To me this sounds like a win for everyone:
As a player, I get cool targeted events that bring the community together and let me meet other gamers. I get new content every few months (in addition to a periodic PHB II or whatever). If my home game follows the events I get a cool touchstone with other people in other games: I can compare how the event played out for my character vs. theirs.
As a GM, I get adventure content that’s bigger and more adaptable to my game. This adventure content is also designed to move my game along and change the world as it happens. Even if I don’t keep up with the current event I can always buy it for the monsters and such now and use the actual event later.
As a game designer, I get to continually try out new ideas without having to compete as much with my own back catalog. I can also introduce new ideas across all parts of the game (classes, monsters, treasure) at the same time instead of piecemeal. I get to share bigger concepts with GMs. The seasonal nature of releases could even allow for a slow evolution of the rules.
As a game publisher, I get a way to push new content without wearing people out. I get a way to promote more and get more people excited. I create shared experiences within my audience which bring them together.
None of these ideas are all that new. Obviously this has been Magic’s format for quite some time. World of Darkness did some event books. The Marvel RPG is about to put out its first event book. I’ve heard that Warhammer 3E does something similar, though I haven’t played anything beyond the core set. The thing that hasn’t been done is leveraging WotC’s connection with game shops to make an event book truly an event for the play community as well.
The ultimate goal is to make D&D feel as alive as Magic. To get players coming out to see the latest and greatest, instead of staring at the bookshelf full of think books they already have.
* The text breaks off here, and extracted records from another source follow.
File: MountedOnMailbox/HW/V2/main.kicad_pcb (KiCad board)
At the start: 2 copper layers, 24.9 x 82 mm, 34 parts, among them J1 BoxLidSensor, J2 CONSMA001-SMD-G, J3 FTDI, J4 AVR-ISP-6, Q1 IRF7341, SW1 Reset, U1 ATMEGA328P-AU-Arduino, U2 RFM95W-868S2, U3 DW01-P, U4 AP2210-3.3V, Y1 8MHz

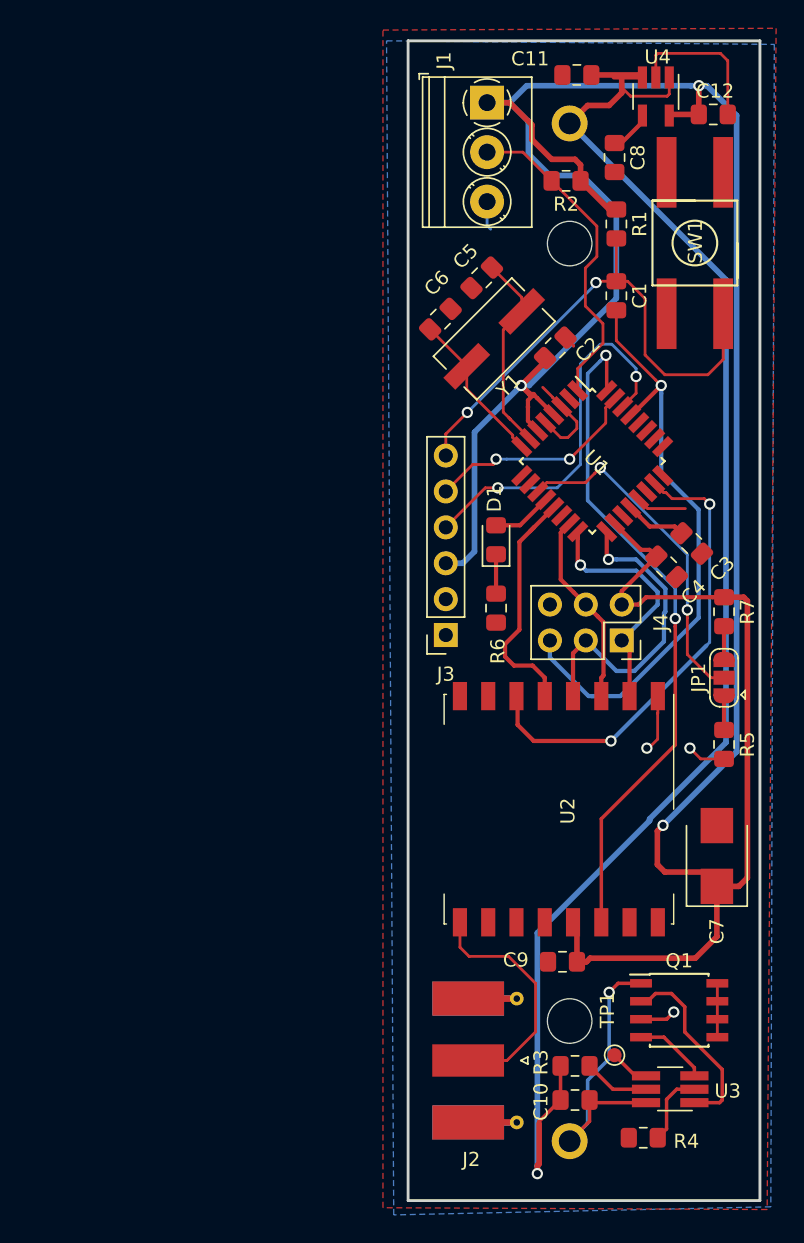
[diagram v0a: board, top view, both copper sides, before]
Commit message: Better layout
And i2c header
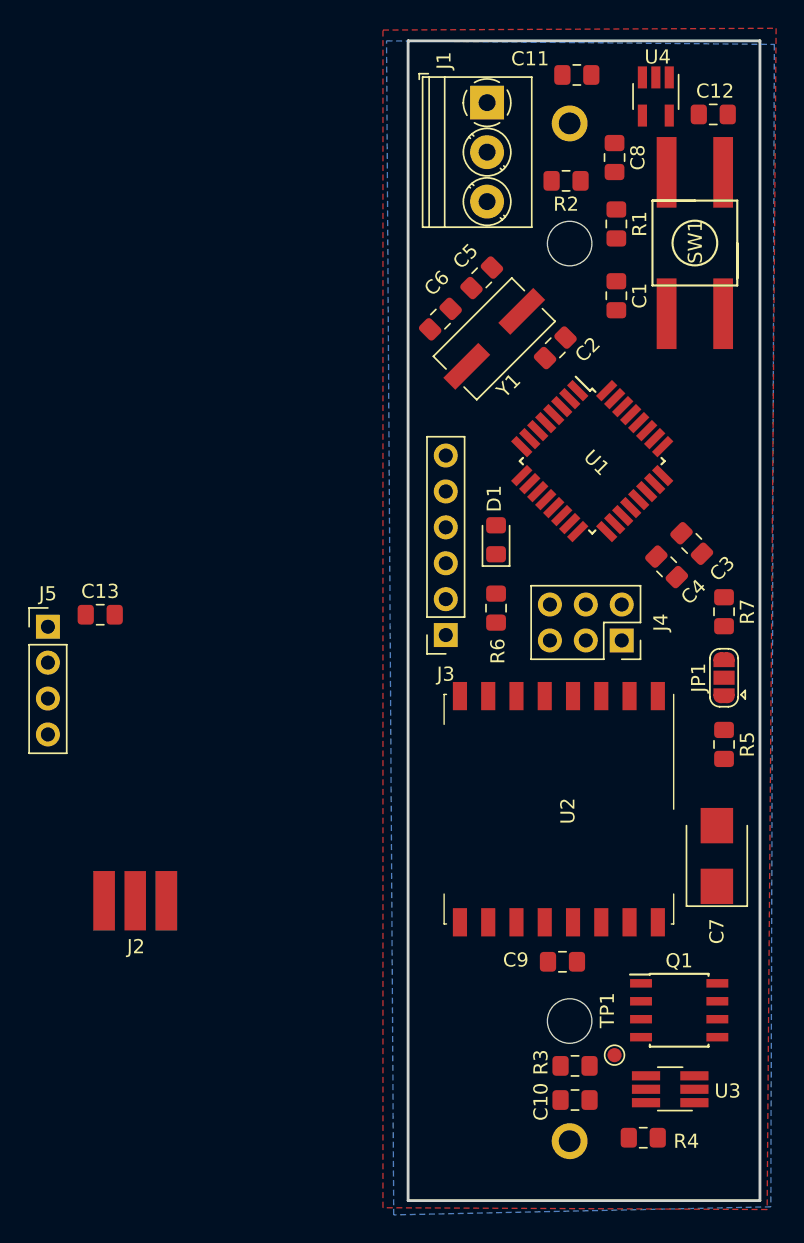
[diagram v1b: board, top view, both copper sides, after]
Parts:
- added C13: 100n, Capacitor_SMD:C_0805_2012Metric_Pad1.15x1.40mm_HandSolder, F.Cu at (107.8, 95.7)
- added J5: Conn_01x04_Female, Connector_PinHeader_2.54mm:PinHeader_1x04_P2.54mm_Vertical, F.Cu at (104.1, 96.6)
- C1: value C -> 100n
- J2: footprint Connector_Coaxial:SMA_Molex_73251-1153_EdgeMount_Horizontal -> Libs:SMA_edge connector
- moved J2 30.9 mm to (108.0, 113.2)
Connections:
- C1 pad 2: reset_in -> Net-(C1-Pad2)
- U1 pad 27: sda -> SDA
- U1 pad 28: scl -> SCL
- U1 pad 29: reset_in -> Net-(C1-Pad2)
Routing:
- net +3V3: track 205.8 -> 0.00 mm, vias 3 -> 0
- net +BATT: track 111.8 -> 0.00 mm, vias 1 -> 0
- net LoRa_INT: track 47.9 -> 0.00 mm, vias 2 -> 0
- net reset_in: track 42.8 -> 0.00 mm, vias 1 -> 0
- net GND: track 39.4 -> 0.00 mm, vias 3 -> 0
- net RST: track 37.5 -> 0.00 mm, vias 2 -> 0
- net LoRaReset: track 33.4 -> 0.00 mm, vias 2 -> 0
- net RXI: track 26.8 -> 0.00 mm, vias 2 -> 0
- net Jumper_selsction: track 24.2 -> 0.00 mm, vias 2 -> 0
- net Net-(J1-Pad2): track 23.2 -> 0.00 mm
- net SCK: track 22.3 -> 0.00 mm, vias 1 -> 0
- net Net-(B1-Pad2): track 21.8 -> 0.00 mm, vias 1 -> 0
- net MISO: track 18.0 -> 0.00 mm, vias 1 -> 0
- net Net-(J2-Pad1): track 17.2 -> 0.00 mm
- net LoRaSS: track 17.1 -> 0.00 mm

Wizards has sort of been doing this in the last few years- there have been Game Days to support some releases, for instance. (Red Box and Neverwinter, off the top of my head) It seems like they’ve been more going in the direction of overarching themes: the Neverwinter Encounters season with the Neverwinter book, Heroes of Shadow with the Evard adventures, etc. They talk a bit about the current arc in a recent Rule-of-Three.
But what I do think they could be better about is having consistent structures that players can get used to. Last year’s PAX was around when Madness at Gardmore Abbey came out, and they ran a “prequel” adventure that gave some backstory and an item that’d provide some minor benefits in the adventure proper. (It actually featured building the wall to repel an orc invasion, of all things.) The latest box set adventure came out a month ago, but its tie-in was with Encounters, so I didn’t do it because I don’t do Encounters. Without a stronger pattern of what events are interesting, it’s harder to establish a community around the events.